[Items from a dataset]
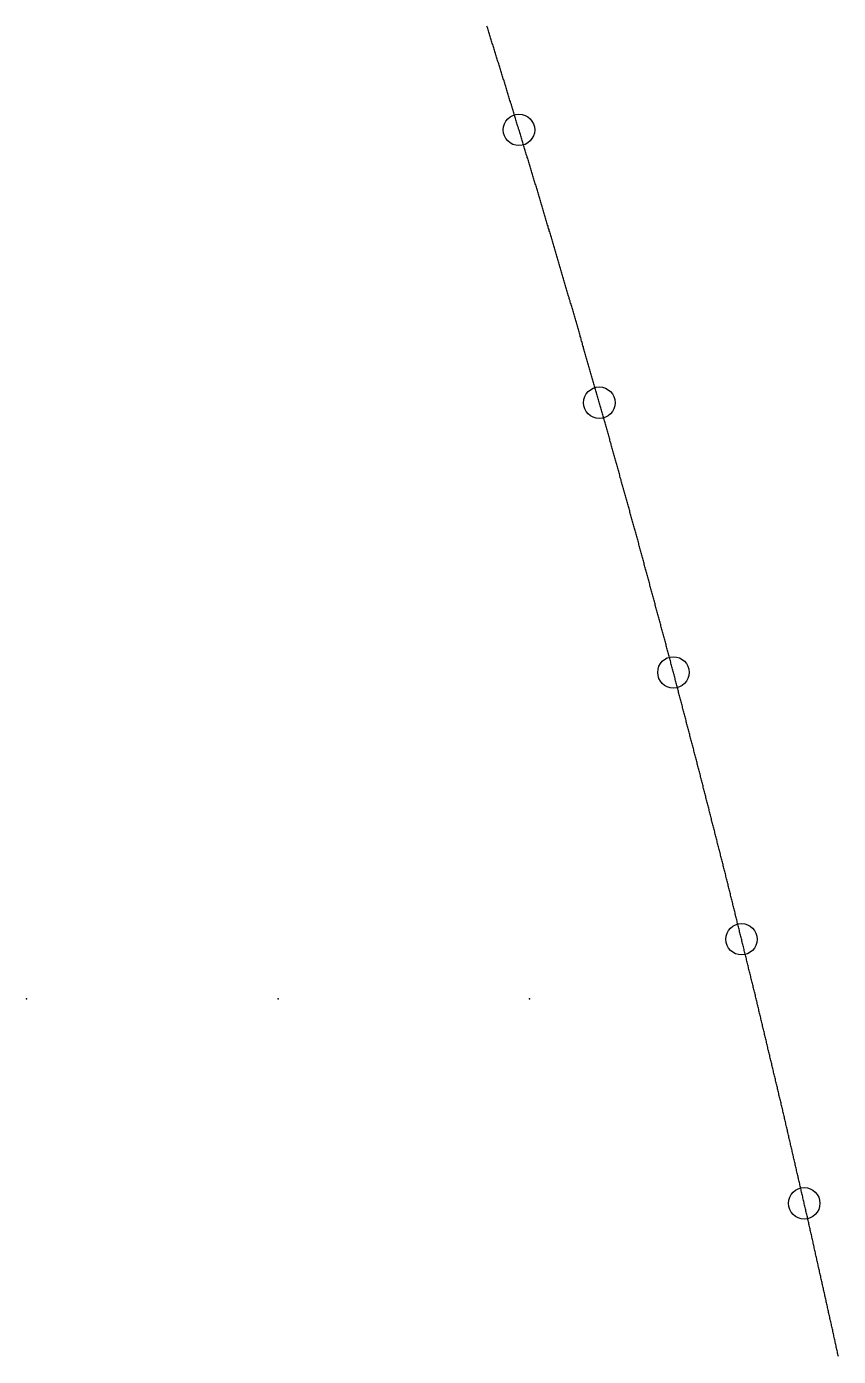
# Model space of a CAD drawing. Extents: x 1 to 322, y 1 to 270.
# Drawn here: x 303.5 to 316.42, y 43.45 to 64.6 of the extents above; entities that cross this region are included whole.
import ezdxf

# ---------------------------------------------------------------- set-up
doc = ezdxf.new("R2010")
doc.units = 0
doc.layers.get('0').update_dxf_attribs({"linetype": 'CONTINUOUS'})
doc.layers.add('DRILLING', color=3, linetype='CONTINUOUS')
doc.layers.add('RIB_INDICATION', color=1, linetype='CONTINUOUS')

# ---------------------------------------------------------------- blocks, each defined once
blk = doc.blocks.new('*U154')
at = {"layer": 'DRILLING'}
blk.add_point((0, 0), dxfattribs=at)
blk = doc.blocks.new('*U155')
at = {"layer": 'DRILLING', "color": 0, "linetype": 'BYBLOCK'}
for p in [(0, 0), (4, 0), (8, 0)]:
    blk.add_blockref('*U154', p, dxfattribs=at)

msp = doc.modelspace()

# ---------------------------------------------------------------- linework, layer by layer
msp.add_polyline3d([(316.416, 43.4435, 0), (316.412, 43.4625, 0), (316.408, 43.4816, 0), (316.404, 43.5007, 0), (316.4, 43.5197, 0), (316.396, 43.5388, 0), (316.392, 43.5578, 0), (316.387, 43.5769, 0), (316.383, 43.596, 0), (316.379, 43.615, 0), (316.375, 43.6341, 0), (316.371, 43.6531, 0), (316.367, 43.6722, 0), (316.363, 43.6912, 0), (316.359, 43.7102, 0), (316.354, 43.7292, 0), (316.35, 43.7482, 0), (316.346, 43.7672, 0), (316.342, 43.7861, 0), (316.337, 43.8051, 0), (316.333, 43.8241, 0), (316.329, 43.8431, 0), (316.325, 43.8621, 0), (316.32, 43.881, 0), (316.316, 43.9, 0), (316.312, 43.919, 0), (316.308, 43.938, 0), (316.304, 43.957, 0), (316.299, 43.9759, 0), (316.295, 43.9949, 0), (316.291, 44.0139, 0), (316.287, 44.0329, 0), (316.282, 44.0519, 0), (316.278, 44.0708, 0), (316.274, 44.0898, 0), (316.27, 44.1088, 0), (316.266, 44.1278, 0), (316.261, 44.1468, 0), (316.257, 44.1657, 0), (316.253, 44.1847, 0), (316.249, 44.2037, 0), (316.244, 44.2227, 0), (316.24, 44.2417, 0), (316.236, 44.2607, 0), (316.232, 44.2796, 0), (316.227, 44.2986, 0), (316.223, 44.3176, 0), (316.219, 44.3366, 0), (316.215, 44.3556, 0), (316.211, 44.3745, 0), (316.206, 44.3935, 0), (316.202, 44.4125, 0), (316.198, 44.4315, 0), (316.194, 44.4505, 0), (316.189, 44.4694, 0), (316.185, 44.4884, 0), (316.181, 44.5074, 0), (316.177, 44.5264, 0), (316.172, 44.5454, 0), (316.168, 44.5643, 0), (316.164, 44.5833, 0), (316.16, 44.6023, 0), (316.156, 44.6213, 0), (316.151, 44.6403, 0), (316.147, 44.6592, 0), (316.143, 44.6782, 0), (316.139, 44.6972, 0), (316.134, 44.7162, 0), (316.13, 44.7352, 0), (316.126, 44.7542, 0), (316.122, 44.7731, 0), (316.117, 44.7921, 0), (316.113, 44.8111, 0), (316.109, 44.8301, 0), (316.105, 44.8491, 0), (316.101, 44.868, 0), (316.096, 44.887, 0), (316.092, 44.906, 0), (316.088, 44.925, 0), (316.084, 44.944, 0), (316.079, 44.9629, 0), (316.075, 44.9819, 0), (316.071, 45.0009, 0), (316.067, 45.0199, 0), (316.062, 45.0389, 0), (316.058, 45.0578, 0), (316.054, 45.0768, 0), (316.05, 45.0958, 0), (316.046, 45.1148, 0), (316.041, 45.1338, 0), (316.037, 45.1527, 0), (316.033, 45.1717, 0), (316.029, 45.1907, 0), (316.024, 45.2097, 0), (316.02, 45.2287, 0), (316.016, 45.2477, 0), (316.012, 45.2666, 0), (316.008, 45.2856, 0), (316.003, 45.3046, 0), (315.999, 45.3236, 0), (315.995, 45.3426, 0), (315.991, 45.3615, 0), (315.986, 45.3805, 0), (315.982, 45.3995, 0), (315.978, 45.4185, 0), (315.974, 45.4375, 0), (315.969, 45.4564, 0), (315.965, 45.4754, 0), (315.961, 45.4944, 0), (315.957, 45.5134, 0), (315.953, 45.5323, 0), (315.948, 45.5512, 0), (315.944, 45.5701, 0), (315.939, 45.589, 0), (315.935, 45.608, 0), (315.931, 45.6269, 0), (315.926, 45.6458, 0), (315.922, 45.6647, 0), (315.918, 45.6836, 0), (315.913, 45.7025, 0), (315.909, 45.7214, 0), (315.905, 45.7403, 0), (315.9, 45.7592, 0), (315.896, 45.7781, 0), (315.891, 45.797, 0), (315.887, 45.8159, 0), (315.883, 45.8348, 0), (315.878, 45.8537, 0), (315.874, 45.8726, 0), (315.87, 45.8915, 0), (315.865, 45.9104, 0), (315.861, 45.9293, 0), (315.857, 45.9482, 0), (315.852, 45.9671, 0), (315.848, 45.986, 0), (315.844, 46.0049, 0), (315.839, 46.0238, 0), (315.835, 46.0427, 0), (315.83, 46.0616, 0), (315.826, 46.0805, 0), (315.822, 46.0994, 0), (315.817, 46.1183, 0), (315.813, 46.1372, 0), (315.809, 46.1561, 0), (315.804, 46.175, 0), (315.8, 46.1939, 0), (315.796, 46.2128, 0), (315.791, 46.2317, 0), (315.787, 46.2506, 0), (315.783, 46.2695, 0), (315.778, 46.2884, 0), (315.774, 46.3073, 0), (315.769, 46.3262, 0), (315.765, 46.3451, 0), (315.761, 46.364, 0), (315.756, 46.3829, 0), (315.752, 46.4018, 0), (315.748, 46.4207, 0), (315.743, 46.4396, 0), (315.739, 46.4585, 0), (315.735, 46.4774, 0), (315.73, 46.4963, 0), (315.726, 46.5152, 0), (315.722, 46.5341, 0), (315.717, 46.553, 0), (315.713, 46.5719, 0), (315.708, 46.5908, 0), (315.704, 46.6097, 0), (315.7, 46.6286, 0), (315.695, 46.6475, 0), (315.691, 46.6664, 0), (315.687, 46.6853, 0), (315.682, 46.7042, 0), (315.678, 46.7231, 0), (315.674, 46.742, 0), (315.669, 46.7609, 0), (315.665, 46.7798, 0), (315.661, 46.7987, 0), (315.656, 46.8176, 0), (315.652, 46.8365, 0), (315.647, 46.8554, 0), (315.643, 46.8743, 0), (315.639, 46.8932, 0), (315.634, 46.9121, 0), (315.63, 46.931, 0), (315.626, 46.9499, 0), (315.621, 46.9688, 0), (315.617, 46.9877, 0), (315.613, 47.0066, 0), (315.608, 47.0255, 0), (315.604, 47.0444, 0), (315.6, 47.0633, 0), (315.595, 47.0822, 0), (315.591, 47.1011, 0), (315.586, 47.12, 0), (315.582, 47.1389, 0), (315.578, 47.1578, 0), (315.573, 47.1767, 0), (315.569, 47.1956, 0), (315.565, 47.2145, 0), (315.56, 47.2334, 0), (315.556, 47.2524, 0), (315.552, 47.2713, 0), (315.547, 47.2902, 0), (315.543, 47.3091, 0), (315.539, 47.328, 0), (315.534, 47.3469, 0), (315.53, 47.3658, 0), (315.525, 47.3846, 0), (315.521, 47.4034, 0), (315.516, 47.4222, 0), (315.512, 47.441, 0), (315.507, 47.4599, 0), (315.503, 47.4787, 0), (315.498, 47.4975, 0), (315.494, 47.5163, 0), (315.489, 47.5352, 0), (315.485, 47.554, 0), (315.48, 47.5728, 0), (315.476, 47.5916, 0), (315.471, 47.6104, 0), (315.467, 47.6293, 0), (315.462, 47.6481, 0), (315.458, 47.6669, 0), (315.454, 47.6857, 0), (315.449, 47.7045, 0), (315.445, 47.7234, 0), (315.44, 47.7422, 0), (315.436, 47.761, 0), (315.431, 47.7798, 0), (315.427, 47.7987, 0), (315.422, 47.8175, 0), (315.418, 47.8363, 0), (315.413, 47.8551, 0), (315.409, 47.8739, 0), (315.404, 47.8928, 0), (315.4, 47.9116, 0), (315.395, 47.9304, 0), (315.391, 47.9492, 0), (315.386, 47.968, 0), (315.382, 47.9869, 0), (315.377, 48.0057, 0), (315.373, 48.0245, 0), (315.368, 48.0433, 0), (315.364, 48.0622, 0), (315.359, 48.081, 0), (315.355, 48.0998, 0), (315.35, 48.1186, 0), (315.346, 48.1374, 0), (315.341, 48.1563, 0), (315.337, 48.1751, 0), (315.332, 48.1939, 0), (315.328, 48.2127, 0), (315.323, 48.2315, 0), (315.319, 48.2504, 0), (315.314, 48.2692, 0), (315.31, 48.288, 0), (315.305, 48.3068, 0), (315.301, 48.3257, 0), (315.296, 48.3445, 0), (315.292, 48.3633, 0), (315.288, 48.3821, 0), (315.283, 48.4009, 0), (315.279, 48.4198, 0), (315.274, 48.4386, 0), (315.27, 48.4574, 0), (315.265, 48.4762, 0), (315.261, 48.4951, 0), (315.256, 48.5139, 0), (315.252, 48.5327, 0), (315.247, 48.5515, 0), (315.243, 48.5703, 0), (315.238, 48.5892, 0), (315.234, 48.608, 0), (315.229, 48.6268, 0), (315.225, 48.6456, 0), (315.22, 48.6644, 0), (315.216, 48.6833, 0), (315.211, 48.7021, 0), (315.207, 48.7209, 0), (315.202, 48.7397, 0), (315.198, 48.7586, 0), (315.193, 48.7774, 0), (315.189, 48.7962, 0), (315.184, 48.815, 0), (315.18, 48.8338, 0), (315.175, 48.8527, 0), (315.171, 48.8715, 0), (315.166, 48.8903, 0), (315.162, 48.9091, 0), (315.157, 48.9279, 0), (315.153, 48.9468, 0), (315.148, 48.9656, 0), (315.144, 48.9844, 0), (315.139, 49.0032, 0), (315.135, 49.0221, 0), (315.13, 49.0409, 0), (315.126, 49.0597, 0), (315.122, 49.0785, 0), (315.117, 49.0973, 0), (315.113, 49.1162, 0), (315.108, 49.135, 0), (315.104, 49.1538, 0), (315.099, 49.1726, 0), (315.095, 49.1914, 0), (315.09, 49.2102, 0), (315.085, 49.2289, 0), (315.081, 49.2477, 0), (315.076, 49.2664, 0), (315.072, 49.2852, 0), (315.067, 49.3039, 0), (315.062, 49.3227, 0), (315.058, 49.3414, 0), (315.053, 49.3601, 0), (315.048, 49.3789, 0), (315.044, 49.3976, 0), (315.039, 49.4164, 0), (315.035, 49.4351, 0), (315.03, 49.4539, 0), (315.025, 49.4726, 0), (315.021, 49.4913, 0), (315.016, 49.5101, 0), (315.012, 49.5288, 0), (315.007, 49.5476, 0), (315.002, 49.5663, 0), (314.998, 49.585, 0), (314.993, 49.6038, 0), (314.988, 49.6225, 0), (314.984, 49.6413, 0), (314.979, 49.66, 0), (314.975, 49.6788, 0), (314.97, 49.6975, 0), (314.965, 49.7162, 0), (314.961, 49.735, 0), (314.956, 49.7537, 0), (314.952, 49.7725, 0), (314.947, 49.7912, 0), (314.942, 49.8099, 0), (314.938, 49.8287, 0), (314.933, 49.8474, 0), (314.928, 49.8662, 0), (314.924, 49.8849, 0), (314.919, 49.9037, 0), (314.915, 49.9224, 0), (314.91, 49.9411, 0), (314.905, 49.9599, 0), (314.901, 49.9786, 0), (314.896, 49.9974, 0), (314.892, 50.0161, 0), (314.887, 50.0349, 0), (314.882, 50.0536, 0), (314.878, 50.0723, 0), (314.873, 50.0911, 0), (314.868, 50.1098, 0), (314.864, 50.1286, 0), (314.859, 50.1473, 0), (314.855, 50.166, 0), (314.85, 50.1848, 0), (314.845, 50.2035, 0), (314.841, 50.2223, 0), (314.836, 50.241, 0), (314.832, 50.2598, 0), (314.827, 50.2785, 0), (314.822, 50.2972, 0), (314.818, 50.316, 0), (314.813, 50.3347, 0), (314.808, 50.3535, 0), (314.804, 50.3722, 0), (314.799, 50.3909, 0), (314.795, 50.4097, 0), (314.79, 50.4284, 0), (314.785, 50.4472, 0), (314.781, 50.4659, 0), (314.776, 50.4847, 0), (314.772, 50.5034, 0), (314.767, 50.5221, 0), (314.762, 50.5409, 0), (314.758, 50.5596, 0), (314.753, 50.5784, 0), (314.748, 50.5971, 0), (314.744, 50.6159, 0), (314.739, 50.6346, 0), (314.735, 50.6533, 0), (314.73, 50.6721, 0), (314.725, 50.6908, 0), (314.721, 50.7096, 0), (314.716, 50.7283, 0), (314.712, 50.747, 0), (314.707, 50.7658, 0), (314.702, 50.7845, 0), (314.698, 50.8033, 0), (314.693, 50.822, 0), (314.688, 50.8408, 0), (314.684, 50.8595, 0), (314.679, 50.8782, 0), (314.675, 50.897, 0), (314.67, 50.9157, 0), (314.665, 50.9345, 0), (314.661, 50.9532, 0), (314.656, 50.9719, 0), (314.652, 50.9907, 0), (314.647, 51.0094, 0), (314.642, 51.0281, 0), (314.638, 51.0468, 0), (314.633, 51.0655, 0), (314.628, 51.0841, 0), (314.623, 51.1028, 0), (314.619, 51.1214, 0), (314.614, 51.1401, 0), (314.609, 51.1588, 0), (314.604, 51.1774, 0), (314.6, 51.1961, 0), (314.595, 51.2148, 0), (314.59, 51.2334, 0), (314.585, 51.2521, 0), (314.581, 51.2707, 0), (314.576, 51.2894, 0), (314.571, 51.3081, 0), (314.566, 51.3267, 0), (314.562, 51.3454, 0), (314.557, 51.3641, 0), (314.552, 51.3827, 0), (314.547, 51.4014, 0), (314.543, 51.42, 0), (314.538, 51.4387, 0), (314.533, 51.4574, 0), (314.528, 51.476, 0), (314.524, 51.4947, 0), (314.519, 51.5133, 0), (314.514, 51.532, 0), (314.509, 51.5507, 0), (314.505, 51.5693, 0), (314.5, 51.588, 0), (314.495, 51.6067, 0), (314.49, 51.6253, 0), (314.486, 51.644, 0), (314.481, 51.6626, 0), (314.476, 51.6813, 0), (314.471, 51.7, 0), (314.467, 51.7186, 0), (314.462, 51.7373, 0), (314.457, 51.756, 0), (314.453, 51.7746, 0), (314.448, 51.7933, 0), (314.443, 51.8119, 0), (314.438, 51.8306, 0), (314.434, 51.8493, 0), (314.429, 51.8679, 0), (314.424, 51.8866, 0), (314.419, 51.9053, 0), (314.415, 51.9239, 0), (314.41, 51.9426, 0), (314.405, 51.9612, 0), (314.4, 51.9799, 0), (314.396, 51.9986, 0), (314.391, 52.0172, 0), (314.386, 52.0359, 0), (314.381, 52.0546, 0), (314.377, 52.0732, 0), (314.372, 52.0919, 0), (314.367, 52.1105, 0), (314.362, 52.1292, 0), (314.358, 52.1479, 0), (314.353, 52.1665, 0), (314.348, 52.1852, 0), (314.343, 52.2039, 0), (314.339, 52.2225, 0), (314.334, 52.2412, 0), (314.329, 52.2598, 0), (314.324, 52.2785, 0), (314.32, 52.2972, 0), (314.315, 52.3158, 0), (314.31, 52.3345, 0), (314.305, 52.3532, 0), (314.301, 52.3718, 0), (314.296, 52.3905, 0), (314.291, 52.4091, 0), (314.286, 52.4278, 0), (314.282, 52.4465, 0), (314.277, 52.4651, 0), (314.272, 52.4838, 0), (314.267, 52.5025, 0), (314.263, 52.5211, 0), (314.258, 52.5398, 0), (314.253, 52.5584, 0), (314.249, 52.5771, 0), (314.244, 52.5958, 0), (314.239, 52.6144, 0), (314.234, 52.6331, 0), (314.23, 52.6518, 0), (314.225, 52.6704, 0), (314.22, 52.6891, 0), (314.215, 52.7077, 0), (314.211, 52.7264, 0), (314.206, 52.7451, 0), (314.201, 52.7637, 0), (314.196, 52.7824, 0), (314.192, 52.8011, 0), (314.187, 52.8197, 0), (314.182, 52.8383, 0), (314.177, 52.8569, 0), (314.172, 52.8755, 0), (314.167, 52.8941, 0), (314.163, 52.9127, 0), (314.158, 52.9313, 0), (314.153, 52.9498, 0), (314.148, 52.9684, 0), (314.143, 52.987, 0), (314.138, 53.0056, 0), (314.133, 53.0242, 0), (314.128, 53.0428, 0), (314.124, 53.0613, 0), (314.119, 53.0799, 0), (314.114, 53.0985, 0), (314.109, 53.1171, 0), (314.104, 53.1357, 0), (314.099, 53.1543, 0), (314.094, 53.1728, 0), (314.089, 53.1914, 0), (314.085, 53.21, 0), (314.08, 53.2286, 0), (314.075, 53.2472, 0), (314.07, 53.2657, 0), (314.065, 53.2843, 0), (314.06, 53.3029, 0), (314.055, 53.3215, 0), (314.051, 53.3401, 0), (314.046, 53.3587, 0), (314.041, 53.3772, 0), (314.036, 53.3958, 0), (314.031, 53.4144, 0), (314.026, 53.433, 0), (314.021, 53.4516, 0), (314.016, 53.4702, 0), (314.012, 53.4887, 0), (314.007, 53.5073, 0), (314.002, 53.5259, 0), (313.997, 53.5445, 0), (313.992, 53.5631, 0), (313.987, 53.5817, 0), (313.982, 53.6002, 0), (313.977, 53.6188, 0), (313.973, 53.6374, 0), (313.968, 53.656, 0), (313.963, 53.6746, 0), (313.958, 53.6931, 0), (313.953, 53.7117, 0), (313.948, 53.7303, 0), (313.943, 53.7489, 0), (313.938, 53.7675, 0), (313.934, 53.7861, 0), (313.929, 53.8046, 0), (313.924, 53.8232, 0), (313.919, 53.8418, 0), (313.914, 53.8604, 0), (313.909, 53.879, 0), (313.904, 53.8976, 0), (313.899, 53.9161, 0), (313.895, 53.9347, 0), (313.89, 53.9533, 0), (313.885, 53.9719, 0), (313.88, 53.9905, 0), (313.875, 54.0091, 0), (313.87, 54.0276, 0), (313.865, 54.0462, 0), (313.86, 54.0648, 0), (313.856, 54.0834, 0), (313.851, 54.102, 0), (313.846, 54.1206, 0), (313.841, 54.1391, 0), (313.836, 54.1577, 0), (313.831, 54.1763, 0), (313.826, 54.1949, 0), (313.821, 54.2135, 0), (313.817, 54.232, 0), (313.812, 54.2506, 0), (313.807, 54.2692, 0), (313.802, 54.2878, 0), (313.797, 54.3064, 0), (313.792, 54.325, 0), (313.787, 54.3435, 0), (313.783, 54.3621, 0), (313.778, 54.3807, 0), (313.773, 54.3993, 0), (313.768, 54.4179, 0), (313.763, 54.4365, 0), (313.758, 54.455, 0), (313.753, 54.4736, 0), (313.748, 54.4922, 0), (313.744, 54.5108, 0), (313.739, 54.5294, 0), (313.734, 54.548, 0), (313.729, 54.5665, 0), (313.724, 54.5851, 0), (313.719, 54.6037, 0), (313.714, 54.6223, 0), (313.709, 54.6409, 0), (313.704, 54.6594, 0), (313.699, 54.6779, 0), (313.694, 54.6964, 0), (313.689, 54.7149, 0), (313.684, 54.7334, 0), (313.679, 54.7519, 0), (313.674, 54.7704, 0), (313.669, 54.7889, 0), (313.664, 54.8074, 0), (313.659, 54.8259, 0), (313.654, 54.8444, 0), (313.649, 54.8629, 0), (313.644, 54.8814, 0), (313.639, 54.8999, 0), (313.634, 54.9184, 0), (313.629, 54.9369, 0), (313.624, 54.9554, 0), (313.619, 54.9739, 0), (313.614, 54.9924, 0), (313.609, 55.0109, 0), (313.604, 55.0294, 0), (313.599, 55.0479, 0), (313.594, 55.0664, 0), (313.589, 55.0849, 0), (313.584, 55.1034, 0), (313.579, 55.1219, 0), (313.574, 55.1404, 0), (313.569, 55.1589, 0), (313.564, 55.1774, 0), (313.559, 55.1959, 0), (313.554, 55.2145, 0), (313.549, 55.233, 0), (313.544, 55.2515, 0), (313.539, 55.27, 0), (313.534, 55.2885, 0), (313.529, 55.307, 0), (313.524, 55.3255, 0), (313.519, 55.344, 0), (313.514, 55.3625, 0), (313.509, 55.381, 0), (313.504, 55.3995, 0), (313.499, 55.418, 0), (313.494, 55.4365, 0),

* [WORK INSTRUCTIONS] Check the data for the word "color" and pull out the lines that have it.

* [ANSWER TO THE PROBLEM]
doc.layers.add('DRILLING', color=3, linetype='CONTINUOUS')
doc.layers.add('RIB_INDICATION', color=1, linetype='CONTINUOUS')
at = {"layer": 'DRILLING', "color": 0, "linetype": 'BYBLOCK'}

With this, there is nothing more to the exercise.